Dijkstra wrote about the unbounded buffer case: "We consider two processes, which are called the 'producer' and the 'consumer' respectively. The producer is a cyclic process and each time it goes through its cycle it produces a certain portion of information, that has to be processed by the consumer. The consumer is also a cyclic process and each time it goes through its cycle, it can process the next portion of information, as has been produced by the producer ... We assume the two processes to be connected for this purpose via a buffer with unbounded capacity."[2]

He wrote about the bounded buffer case: "We have studied a producer and a consumer coupled via a buffer with unbounded capacity ... The relation becomes symmetric, if the two are coupled via a buffer of finite size, say N portions"[3]

And about the multiple producer-consumer case: "We consider a number of producer/consumer pairs, where pairi is coupled via an information stream containing ni portions. We assume ... the finite buffer that should contain all portions of all streams to have a capacity of 'tot' portions."[4]

Per Brinch Hansen and Niklaus Wirth saw soon the problem of semaphores: "I have come to the same conclusion with regard to semaphores, namely that they are not suitable for higher level languages.
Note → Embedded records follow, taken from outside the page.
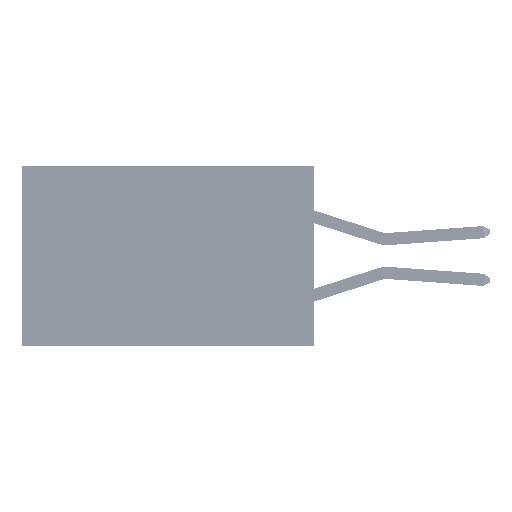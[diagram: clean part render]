
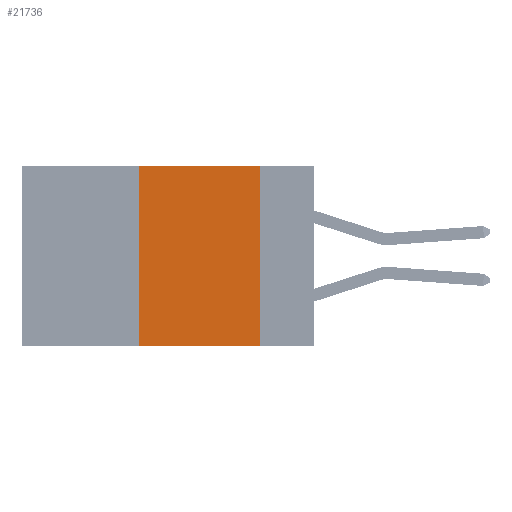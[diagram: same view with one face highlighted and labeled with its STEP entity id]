
A CAD part, left-side view. The second image highlights one B-rep face of the part: STEP entity #21736.
In plain terms, the highlighted planar face has unit normal (-1, 0, 0).
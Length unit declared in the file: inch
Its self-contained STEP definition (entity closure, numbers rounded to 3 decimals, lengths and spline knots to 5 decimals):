
#35 = ORIENTED_EDGE ( 'NONE', *, *, #23722, .T. ) ;
#1517 = VECTOR ( 'NONE', #14337, 39.37008 ) ;
#3287 = ORIENTED_EDGE ( 'NONE', *, *, #39102, .F. ) ;
#3923 = VERTEX_POINT ( 'NONE', #35904 ) ;
#4957 = CARTESIAN_POINT ( 'NONE',  ( 0., 0.36, -0.37 ) ) ;
#6118 = VECTOR ( 'NONE', #49454, 39.37008 ) ;
#6287 = ORIENTED_EDGE ( 'NONE', *, *, #28679, .F. ) ;
#6800 = VECTOR ( 'NONE', #41924, 39.37008 ) ;
#8387 = LINE ( 'NONE', #34383, #1517 ) ;
#8867 = CARTESIAN_POINT ( 'NONE',  ( 0., 0.6, -0.37 ) ) ;
#9304 = VERTEX_POINT ( 'NONE', #33136 ) ;
#9440 = AXIS2_PLACEMENT_3D ( 'NONE', #40537, #15931, #24235 ) ;
#9724 = CARTESIAN_POINT ( 'NONE',  ( 0., 0.6, 0. ) ) ;
#12391 = VERTEX_POINT ( 'NONE', #51369 ) ;
#13709 = LINE ( 'NONE', #8867, #6118 ) ;
#14337 = DIRECTION ( 'NONE',  ( 0., 0., 1. ) ) ;
#15770 = PLANE ( 'NONE',  #9440 ) ;
#15931 = DIRECTION ( 'NONE',  ( 1., 0., 0. ) ) ;
#16742 = CARTESIAN_POINT ( 'NONE',  ( 0., 0.11, 0. ) ) ;
#19348 = ORIENTED_EDGE ( 'NONE', *, *, #49351, .F. ) ;
#21736 = ADVANCED_FACE ( 'NONE', ( #32169 ), #15770, .F. ) ;
#23722 = EDGE_CURVE ( 'NONE', #33914, #3923, #13709, .T. ) ;
#24235 = DIRECTION ( 'NONE',  ( 0., 0., -1. ) ) ;
#27464 = LINE ( 'NONE', #16742, #38160 ) ;
#28679 = EDGE_CURVE ( 'NONE', #33914, #12391, #8387, .T. ) ;
#32169 = FACE_OUTER_BOUND ( 'NONE', #33935, .T. ) ;
#33136 = CARTESIAN_POINT ( 'NONE',  ( 0., 0.11, 0. ) ) ;
#33914 = VERTEX_POINT ( 'NONE', #4957 ) ;
#33935 = EDGE_LOOP ( 'NONE', ( #3287, #19348, #6287, #35 ) ) ;
#34383 = CARTESIAN_POINT ( 'NONE',  ( 0., 0.36, 0. ) ) ;
#35904 = CARTESIAN_POINT ( 'NONE',  ( 0., 0.11, -0.37 ) ) ;
#37152 = DIRECTION ( 'NONE',  ( 0., 0., -1. ) ) ;
#38160 = VECTOR ( 'NONE', #37152, 39.37008 ) ;
#38920 = LINE ( 'NONE', #9724, #6800 ) ;
#39102 = EDGE_CURVE ( 'NONE', #9304, #3923, #27464, .T. ) ;
#40537 = CARTESIAN_POINT ( 'NONE',  ( 0., 0.6, 0. ) ) ;
#41924 = DIRECTION ( 'NONE',  ( 0., -1., 0. ) ) ;
#49351 = EDGE_CURVE ( 'NONE', #12391, #9304, #38920, .T. ) ;
#49454 = DIRECTION ( 'NONE',  ( 0., -1., 0. ) ) ;
#51369 = CARTESIAN_POINT ( 'NONE',  ( 0., 0.36, 0. ) ) ;
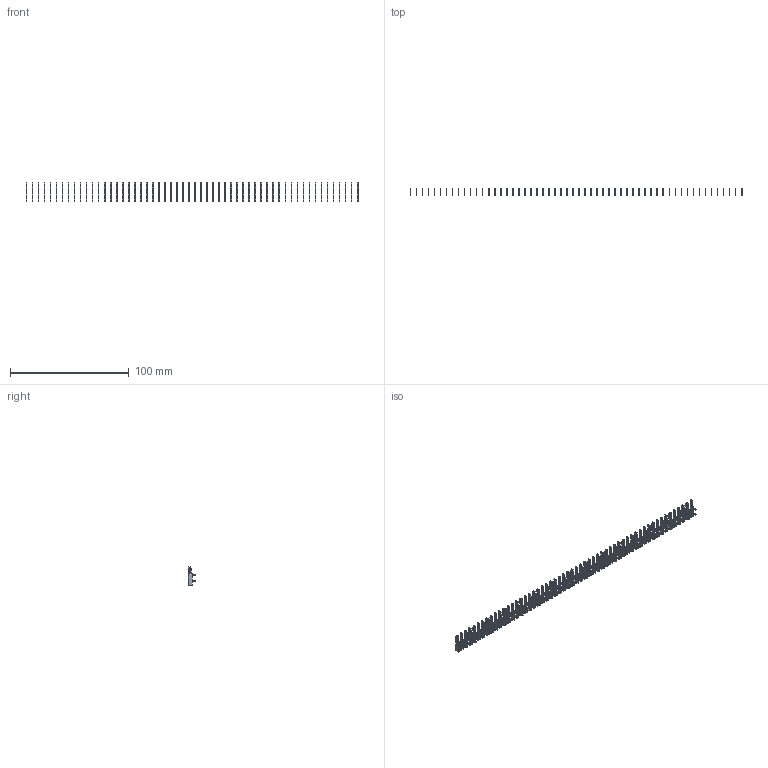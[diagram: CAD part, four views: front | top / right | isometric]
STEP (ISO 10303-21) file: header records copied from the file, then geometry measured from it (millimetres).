
FILE_DESCRIPTION (( 'STEP AP203' ), '1' );
FILE_NAME ('105-056-202-200.STEP', '2020-04-08T00:43:32', ( '' ), ( '' ), 'SwSTEP 2.0', 'SolidWorks 2016', '' );
FILE_SCHEMA (( 'CONFIG_CONTROL_DESIGN' ));
Length unit declared in the file: inch
Products named in the file (2): 105-056-202-200; 100-290-001_100-290-202
Assembly tree (56 placements, depth 2):
  105-056-202-200
    100-290-001_100-290-202  x56
Bounding box: 280 x 6.53 x 15.88 mm (x, y, z)
Volume: 1779.2 mm3; surface area: 7912.8 mm2
Topology: 56 solids, 56 shells, 1680 faces, 4704 edges, 3136 vertices
Faces by surface type: plane 1288, cylinder 392
Entity records: 2922 total; most frequent: DIRECTION 272, CARTESIAN_POINT 241, ORIENTED_EDGE 168, CALENDAR_DATE 122, DATE_AND_TIME 122, COORDINATED_UNIVERSAL_TIME_OFFSET 122, LOCAL_TIME 122, AXIS2_PLACEMENT_3D 103

Instead, the natural synchronization events are exchanges of message."[5]

Dijkstra's bounded buffer solution[edit]

The original semaphore bounded buffer solution was written in ALGOL style. The buffer can store N portions or elements. The "number of queueing portions" semaphore counts the filled locations in the buffer, the "number of empty positions" semaphore counts the empty locations in the buffer and the semaphore "buffer manipulation" works as mutex for the buffer put and get operations. If the buffer is full, that is number of empty positions is zero, the producer thread will wait in the P(number of empty positions) operation. If the buffer is empty, that is the number of queueing portions is zero, the consumer thread will wait in the P(number of queueing portions) operation. The V() operations release the semaphores. As a side effect, a thread can move from the wait queue to the ready queue. The P() operation decreases the semaphore value down to zero. The V() operation increases the semaphore value.[6]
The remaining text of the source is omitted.